I got an no reply email tonight saying my donor has a condition (but not saying what it could be) and I should seek medical advice etc etc.  I have sent an email and will find out more tomorrow.


----------



## Blueestone (Feb 28, 2015)

Oh gosh I don't know but didn't want to read n run

Can u call them Tomoz? Have u had treatment with his sperm? 

They must give u more info - otherwise ur mind will be going over time xxx


----------



## pattycake (May 28, 2012)

Thanks for the reply-yes I have had treatment with the sperm.  I got an email this morning and am in contact with the clinic now.


----------



## Blueestone (Feb 28, 2015)

I suppose it could be something that he has only just found out or diagnosed with - but a worrying time for u.

At what point of treatment are you? X


----------



## pattycake (May 28, 2012)

No there has been a baby born with a defect-I need to find out further information.


----------



## KLconfused (Jan 2, 2010)

patty cake. did you find out more? Very worrying as we have used donor sperm too.
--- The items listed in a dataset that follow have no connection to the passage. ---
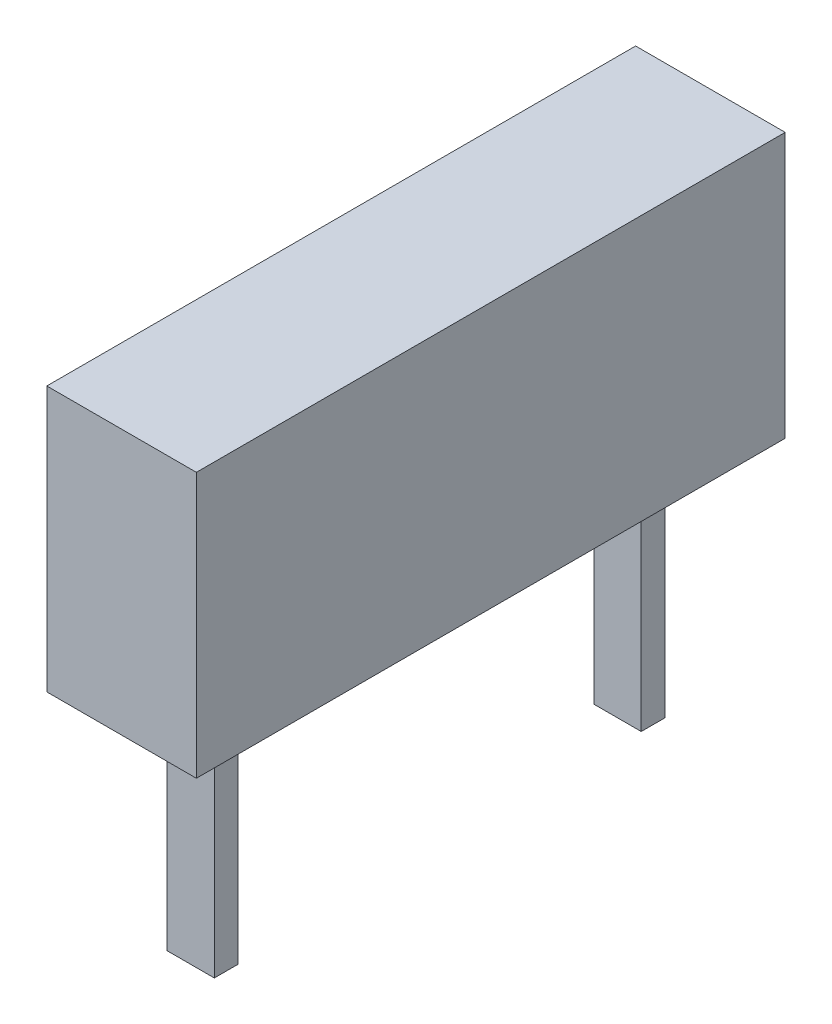
ISO-10303-21;
HEADER;
FILE_DESCRIPTION(('STEP AP214'),'2;1');
FILE_NAME('part.step','',(''),(''),'','','');
FILE_SCHEMA(('AUTOMOTIVE_DESIGN { 1 0 10303 214 1 1 1 1 }'));
ENDSEC;
DATA;
#1=APPLICATION_CONTEXT('core data for automotive mechanical design processes');
#2=APPLICATION_PROTOCOL_DEFINITION('international standard','automotive_design',2000,#1);
#3=PRODUCT_CONTEXT('',#1,'mechanical');
#4=PRODUCT('Part','Part','',(#3));
#5=PRODUCT_RELATED_PRODUCT_CATEGORY('part','',(#4));
#6=PRODUCT_DEFINITION_FORMATION('','',#4);
#7=PRODUCT_DEFINITION_CONTEXT('part definition',#1,'design');
#8=PRODUCT_DEFINITION('design','',#6,#7);
#9=PRODUCT_DEFINITION_SHAPE('','',#8);
#10=(LENGTH_UNIT() NAMED_UNIT(*) SI_UNIT(.MILLI.,.METRE.));
#11=(NAMED_UNIT(*) PLANE_ANGLE_UNIT() SI_UNIT($,.RADIAN.));
#12=(NAMED_UNIT(*) SI_UNIT($,.STERADIAN.) SOLID_ANGLE_UNIT());
#13=UNCERTAINTY_MEASURE_WITH_UNIT(LENGTH_MEASURE(1.E-05),#10,'distance_accuracy_value','');
#14=(GEOMETRIC_REPRESENTATION_CONTEXT(3) GLOBAL_UNCERTAINTY_ASSIGNED_CONTEXT((#13)) GLOBAL_UNIT_ASSIGNED_CONTEXT((#10,
#11,#12)) REPRESENTATION_CONTEXT('',''));
#15=CARTESIAN_POINT('',(0.,0.,0.));
#16=DIRECTION('',(0.,0.,1.));
#17=DIRECTION('',(1.,0.,0.));
#18=AXIS2_PLACEMENT_3D('',#15,#16,#17);
#19=CARTESIAN_POINT('',(-1.27,0.,5.));
#20=DIRECTION('',(0.,1.,0.));
#21=DIRECTION('',(0.,0.,1.));
#22=AXIS2_PLACEMENT_3D('',#19,#20,#21);
#23=PLANE('',#22);
#24=DIRECTION('',(0.,0.,1.));
#25=VECTOR('',#24,1.);
#26=CARTESIAN_POINT('',(0.399999999999999,0.,3.825));
#27=LINE('',#26,#25);
#28=CARTESIAN_POINT('',(0.399999999999999,0.,3.425));
#29=VERTEX_POINT('',#28);
#30=CARTESIAN_POINT('',(0.399999999999999,0.,3.825));
#31=VERTEX_POINT('',#30);
#32=EDGE_CURVE('E149',#29,#31,#27,.T.);
#33=ORIENTED_EDGE('',*,*,#32,.F.);
#34=DIRECTION('',(1.,0.,0.));
#35=VECTOR('',#34,1.);
#36=CARTESIAN_POINT('',(0.399999999999999,0.,3.425));
#37=LINE('',#36,#35);
#38=CARTESIAN_POINT('',(-0.399999999999999,0.,3.425));
#39=VERTEX_POINT('',#38);
#40=EDGE_CURVE('E158',#39,#29,#37,.T.);
#41=ORIENTED_EDGE('',*,*,#40,.F.);
#42=DIRECTION('',(0.,0.,-1.));
#43=VECTOR('',#42,1.);
#44=CARTESIAN_POINT('',(-0.400000000000001,0.,3.825));
#45=LINE('',#44,#43);
#46=CARTESIAN_POINT('',(-0.400000000000001,0.,3.825));
#47=VERTEX_POINT('',#46);
#48=EDGE_CURVE('E155',#47,#39,#45,.T.);
#49=ORIENTED_EDGE('',*,*,#48,.F.);
#50=DIRECTION('',(-1.,0.,0.));
#51=VECTOR('',#50,1.);
#52=CARTESIAN_POINT('',(0.399999999999999,0.,3.825));
#53=LINE('',#52,#51);
#54=EDGE_CURVE('E152',#31,#47,#53,.T.);
#55=ORIENTED_EDGE('',*,*,#54,.F.);
#56=EDGE_LOOP('',(#33,#41,#49,#55));
#57=FACE_BOUND('',#56,.T.);
#58=DIRECTION('',(0.,0.,1.));
#59=VECTOR('',#58,1.);
#60=CARTESIAN_POINT('',(-1.27,0.,-5.));
#61=LINE('',#60,#59);
#62=CARTESIAN_POINT('',(-1.27,0.,-5.));
#63=VERTEX_POINT('',#62);
#64=CARTESIAN_POINT('',(-1.27,0.,5.));
#65=VERTEX_POINT('',#64);
#66=EDGE_CURVE('E182',#63,#65,#61,.T.);
#67=ORIENTED_EDGE('',*,*,#66,.F.);
#68=DIRECTION('',(-1.,0.,0.));
#69=VECTOR('',#68,1.);
#70=CARTESIAN_POINT('',(-1.27,0.,-5.));
#71=LINE('',#70,#69);
#72=CARTESIAN_POINT('',(1.27,0.,-5.));
#73=VERTEX_POINT('',#72);
#74=EDGE_CURVE('E189',#73,#63,#71,.T.);
#75=ORIENTED_EDGE('',*,*,#74,.F.);
#76=DIRECTION('',(0.,0.,-1.));
#77=VECTOR('',#76,1.);
#78=CARTESIAN_POINT('',(1.27,0.,-5.));
#79=LINE('',#78,#77);
#80=CARTESIAN_POINT('',(1.27,0.,5.));
#81=VERTEX_POINT('',#80);
#82=EDGE_CURVE('E187',#81,#73,#79,.T.);
#83=ORIENTED_EDGE('',*,*,#82,.F.);
#84=DIRECTION('',(1.,0.,0.));
#85=VECTOR('',#84,1.);
#86=CARTESIAN_POINT('',(-1.27,0.,5.));
#87=LINE('',#86,#85);
#88=EDGE_CURVE('E185',#65,#81,#87,.T.);
#89=ORIENTED_EDGE('',*,*,#88,.F.);
#90=EDGE_LOOP('',(#67,#75,#83,#89));
#91=FACE_BOUND('',#90,.T.);
#92=DIRECTION('',(1.,0.,0.));
#93=VECTOR('',#92,1.);
#94=CARTESIAN_POINT('',(0.399999999999999,0.,-3.825));
#95=LINE('',#94,#93);
#96=CARTESIAN_POINT('',(-0.400000000000001,0.,-3.825));
#97=VERTEX_POINT('',#96);
#98=CARTESIAN_POINT('',(0.399999999999999,0.,-3.825));
#99=VERTEX_POINT('',#98);
#100=EDGE_CURVE('E117',#97,#99,#95,.T.);
#101=ORIENTED_EDGE('',*,*,#100,.F.);
#102=DIRECTION('',(0.,0.,-1.));
#103=VECTOR('',#102,1.);
#104=CARTESIAN_POINT('',(-0.400000000000001,0.,-3.825));
#105=LINE('',#104,#103);
#106=CARTESIAN_POINT('',(-0.400000000000001,0.,-3.425));
#107=VERTEX_POINT('',#106);
#108=EDGE_CURVE('E119',#107,#97,#105,.T.);
#109=ORIENTED_EDGE('',*,*,#108,.F.);
#110=DIRECTION('',(-1.,0.,0.));
#111=VECTOR('',#110,1.);
#112=CARTESIAN_POINT('',(0.399999999999999,0.,-3.425));
#113=LINE('',#112,#111);
#114=CARTESIAN_POINT('',(0.399999999999999,0.,-3.425));
#115=VERTEX_POINT('',#114);
#116=EDGE_CURVE('E52',#115,#107,#113,.T.);
#117=ORIENTED_EDGE('',*,*,#116,.F.);
#118=DIRECTION('',(0.,0.,1.));
#119=VECTOR('',#118,1.);
#120=CARTESIAN_POINT('',(0.399999999999999,0.,-3.825));
#121=LINE('',#120,#119);
#122=EDGE_CURVE('E47',#99,#115,#121,.T.);
#123=ORIENTED_EDGE('',*,*,#122,.F.);
#124=EDGE_LOOP('',(#101,#109,#117,#123));
#125=FACE_BOUND('',#124,.T.);
#126=ADVANCED_FACE('F32',(#57,#91,#125),#23,.F.);
#127=CARTESIAN_POINT('',(-1.27,4.5,-5.));
#128=DIRECTION('',(1.,0.,0.));
#129=DIRECTION('',(0.,0.,-1.));
#130=AXIS2_PLACEMENT_3D('',#127,#128,#129);
#131=PLANE('',#130);
#132=ORIENTED_EDGE('',*,*,#66,.T.);
#133=DIRECTION('',(0.,-1.,0.));
#134=VECTOR('',#133,1.);
#135=CARTESIAN_POINT('',(-1.27,4.5,5.));
#136=LINE('',#135,#134);
#137=CARTESIAN_POINT('',(-1.27,4.5,5.));
#138=VERTEX_POINT('',#137);
#139=EDGE_CURVE('E11',#138,#65,#136,.T.);
#140=ORIENTED_EDGE('',*,*,#139,.F.);
#141=DIRECTION('',(0.,0.,1.));
#142=VECTOR('',#141,1.);
#143=CARTESIAN_POINT('',(-1.27,4.5,-5.));
#144=LINE('',#143,#142);
#145=CARTESIAN_POINT('',(-1.27,4.5,-5.));
#146=VERTEX_POINT('',#145);
#147=EDGE_CURVE('E191',#146,#138,#144,.T.);
#148=ORIENTED_EDGE('',*,*,#147,.F.);
#149=DIRECTION('',(0.,-1.,0.));
#150=VECTOR('',#149,1.);
#151=CARTESIAN_POINT('',(-1.27,4.5,-5.));
#152=LINE('',#151,#150);
#153=EDGE_CURVE('E200',#146,#63,#152,.T.);
#154=ORIENTED_EDGE('',*,*,#153,.T.);
#155=EDGE_LOOP('',(#132,#140,#148,#154));
#156=FACE_BOUND('',#155,.T.);
#157=ADVANCED_FACE('F34',(#156),#131,.F.);
#158=CARTESIAN_POINT('',(-1.27,4.5,5.));
#159=DIRECTION('',(0.,0.,-1.));
#160=DIRECTION('',(-1.,0.,0.));
#161=AXIS2_PLACEMENT_3D('',#158,#159,#160);
#162=PLANE('',#161);
#163=ORIENTED_EDGE('',*,*,#88,.T.);
#164=DIRECTION('',(0.,-1.,0.));
#165=VECTOR('',#164,1.);
#166=CARTESIAN_POINT('',(1.27,4.5,5.));
#167=LINE('',#166,#165);
#168=CARTESIAN_POINT('',(1.27,4.5,5.));
#169=VERTEX_POINT('',#168);
#170=EDGE_CURVE('E40',#169,#81,#167,.T.);
#171=ORIENTED_EDGE('',*,*,#170,.F.);
#172=DIRECTION('',(1.,0.,0.));
#173=VECTOR('',#172,1.);
#174=CARTESIAN_POINT('',(-1.27,4.5,5.));
#175=LINE('',#174,#173);
#176=EDGE_CURVE('E194',#138,#169,#175,.T.);
#177=ORIENTED_EDGE('',*,*,#176,.F.);
#178=ORIENTED_EDGE('',*,*,#139,.T.);
#179=EDGE_LOOP('',(#163,#171,#177,#178));
#180=FACE_BOUND('',#179,.T.);
#181=ADVANCED_FACE('F225',(#180),#162,.F.);
#182=CARTESIAN_POINT('',(1.27,4.5,-5.));
#183=DIRECTION('',(-1.,0.,0.));
#184=DIRECTION('',(0.,0.,1.));
#185=AXIS2_PLACEMENT_3D('',#182,#183,#184);
#186=PLANE('',#185);
#187=ORIENTED_EDGE('',*,*,#82,.T.);
#188=DIRECTION('',(0.,-1.,0.));
#189=VECTOR('',#188,1.);
#190=CARTESIAN_POINT('',(1.27,4.5,-5.));
#191=LINE('',#190,#189);
#192=CARTESIAN_POINT('',(1.27,4.5,-5.));
#193=VERTEX_POINT('',#192);
#194=EDGE_CURVE('E203',#193,#73,#191,.T.);
#195=ORIENTED_EDGE('',*,*,#194,.F.);
#196=DIRECTION('',(0.,0.,-1.));
#197=VECTOR('',#196,1.);
#198=CARTESIAN_POINT('',(1.27,4.5,-5.));
#199=LINE('',#198,#197);
#200=EDGE_CURVE('E196',#169,#193,#199,.T.);
#201=ORIENTED_EDGE('',*,*,#200,.F.);
#202=ORIENTED_EDGE('',*,*,#170,.T.);
#203=EDGE_LOOP('',(#187,#195,#201,#202));
#204=FACE_BOUND('',#203,.T.);
#205=ADVANCED_FACE('F210',(#204),#186,.F.);
#206=CARTESIAN_POINT('',(-1.27,4.5,-5.));
#207=DIRECTION('',(0.,0.,1.));
#208=DIRECTION('',(1.,0.,0.));
#209=AXIS2_PLACEMENT_3D('',#206,#207,#208);
#210=PLANE('',#209);
#211=ORIENTED_EDGE('',*,*,#74,.T.);
#212=ORIENTED_EDGE('',*,*,#153,.F.);
#213=DIRECTION('',(-1.,0.,0.));
#214=VECTOR('',#213,1.);
#215=CARTESIAN_POINT('',(-1.27,4.5,-5.));
#216=LINE('',#215,#214);
#217=EDGE_CURVE('E198',#193,#146,#216,.T.);
#218=ORIENTED_EDGE('',*,*,#217,.F.);
#219=ORIENTED_EDGE('',*,*,#194,.T.);
#220=EDGE_LOOP('',(#211,#212,#218,#219));
#221=FACE_BOUND('',#220,.T.);
#222=ADVANCED_FACE('F218',(#221),#210,.F.);
#223=CARTESIAN_POINT('',(-1.27,4.5,5.));
#224=DIRECTION('',(0.,1.,0.));
#225=DIRECTION('',(0.,0.,1.));
#226=AXIS2_PLACEMENT_3D('',#223,#224,#225);
#227=PLANE('',#226);
#228=ORIENTED_EDGE('',*,*,#147,.T.);
#229=ORIENTED_EDGE('',*,*,#176,.T.);
#230=ORIENTED_EDGE('',*,*,#200,.T.);
#231=ORIENTED_EDGE('',*,*,#217,.T.);
#232=EDGE_LOOP('',(#228,#229,#230,#231));
#233=FACE_BOUND('',#232,.T.);
#234=ADVANCED_FACE('F224',(#233),#227,.T.);
#235=CARTESIAN_POINT('',(0.399999999999999,-3.96,3.825));
#236=DIRECTION('',(-1.,0.,0.));
#237=DIRECTION('',(0.,0.,1.));
#238=AXIS2_PLACEMENT_3D('',#235,#236,#237);
#239=PLANE('',#238);
#240=ORIENTED_EDGE('',*,*,#32,.T.);
#241=DIRECTION('',(0.,1.,0.));
#242=VECTOR('',#241,1.);
#243=CARTESIAN_POINT('',(0.399999999999999,-3.96,3.825));
#244=LINE('',#243,#242);
#245=CARTESIAN_POINT('',(0.399999999999999,-3.96,3.825));
#246=VERTEX_POINT('',#245);
#247=EDGE_CURVE('E179',#246,#31,#244,.T.);
#248=ORIENTED_EDGE('',*,*,#247,.F.);
#249=DIRECTION('',(0.,0.,1.));
#250=VECTOR('',#249,1.);
#251=CARTESIAN_POINT('',(0.399999999999999,-3.96,3.825));
#252=LINE('',#251,#250);
#253=CARTESIAN_POINT('',(0.399999999999999,-3.96,3.425));
#254=VERTEX_POINT('',#253);
#255=EDGE_CURVE('E161',#254,#246,#252,.T.);
#256=ORIENTED_EDGE('',*,*,#255,.F.);
#257=DIRECTION('',(0.,1.,0.));
#258=VECTOR('',#257,1.);
#259=CARTESIAN_POINT('',(0.399999999999999,-3.96,3.425));
#260=LINE('',#259,#258);
#261=EDGE_CURVE('E170',#254,#29,#260,.T.);
#262=ORIENTED_EDGE('',*,*,#261,.T.);
#263=EDGE_LOOP('',(#240,#248,#256,#262));
#264=FACE_BOUND('',#263,.T.);
#265=ADVANCED_FACE('F239',(#264),#239,.F.);
#266=CARTESIAN_POINT('',(0.399999999999999,-3.96,3.825));
#267=DIRECTION('',(0.,0.,-1.));
#268=DIRECTION('',(-1.,0.,0.));
#269=AXIS2_PLACEMENT_3D('',#266,#267,#268);
#270=PLANE('',#269);
#271=ORIENTED_EDGE('',*,*,#54,.T.);
#272=DIRECTION('',(0.,1.,0.));
#273=VECTOR('',#272,1.);
#274=CARTESIAN_POINT('',(-0.400000000000001,-3.96,3.825));
#275=LINE('',#274,#273);
#276=CARTESIAN_POINT('',(-0.400000000000001,-3.96,3.825));
#277=VERTEX_POINT('',#276);
#278=EDGE_CURVE('E176',#277,#47,#275,.T.);
#279=ORIENTED_EDGE('',*,*,#278,.F.);
#280=DIRECTION('',(-1.,0.,0.));
#281=VECTOR('',#280,1.);
#282=CARTESIAN_POINT('',(0.399999999999999,-3.96,3.825));
#283=LINE('',#282,#281);
#284=EDGE_CURVE('E164',#246,#277,#283,.T.);
#285=ORIENTED_EDGE('',*,*,#284,.F.);
#286=ORIENTED_EDGE('',*,*,#247,.T.);
#287=EDGE_LOOP('',(#271,#279,#285,#286));
#288=FACE_BOUND('',#287,.T.);
#289=ADVANCED_FACE('F258',(#288),#270,.F.);
#290=CARTESIAN_POINT('',(-0.400000000000001,-3.96,3.825));
#291=DIRECTION('',(1.,0.,0.));
#292=DIRECTION('',(0.,0.,-1.));
#293=AXIS2_PLACEMENT_3D('',#290,#291,#292);
#294=PLANE('',#293);
#295=ORIENTED_EDGE('',*,*,#48,.T.);
#296=DIRECTION('',(0.,1.,0.));
#297=VECTOR('',#296,1.);
#298=CARTESIAN_POINT('',(-0.399999999999999,-3.96,3.425));
#299=LINE('',#298,#297);
#300=CARTESIAN_POINT('',(-0.399999999999999,-3.96,3.425));
#301=VERTEX_POINT('',#300);
#302=EDGE_CURVE('E173',#301,#39,#299,.T.);
#303=ORIENTED_EDGE('',*,*,#302,.F.);
#304=DIRECTION('',(0.,0.,-1.));
#305=VECTOR('',#304,1.);
#306=CARTESIAN_POINT('',(-0.400000000000001,-3.96,3.825));
#307=LINE('',#306,#305);
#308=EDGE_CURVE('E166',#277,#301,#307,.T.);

What an awful way for them to inform you.


----------



## pattycake (May 28, 2012)

I'm unable to use the embryos at the moment because they need to do more tests.


----------



## bundles (Jul 16, 2011)

Patty I'm so sorry to see this   Are they keeping you informed ? Have they arranged for any counselling ? It's very important that you are supported during this.

xx


----------



## KLconfused (Jan 2, 2010)

Patty - are you wanting to use the embryos very soon? Do you already have a child with this donor?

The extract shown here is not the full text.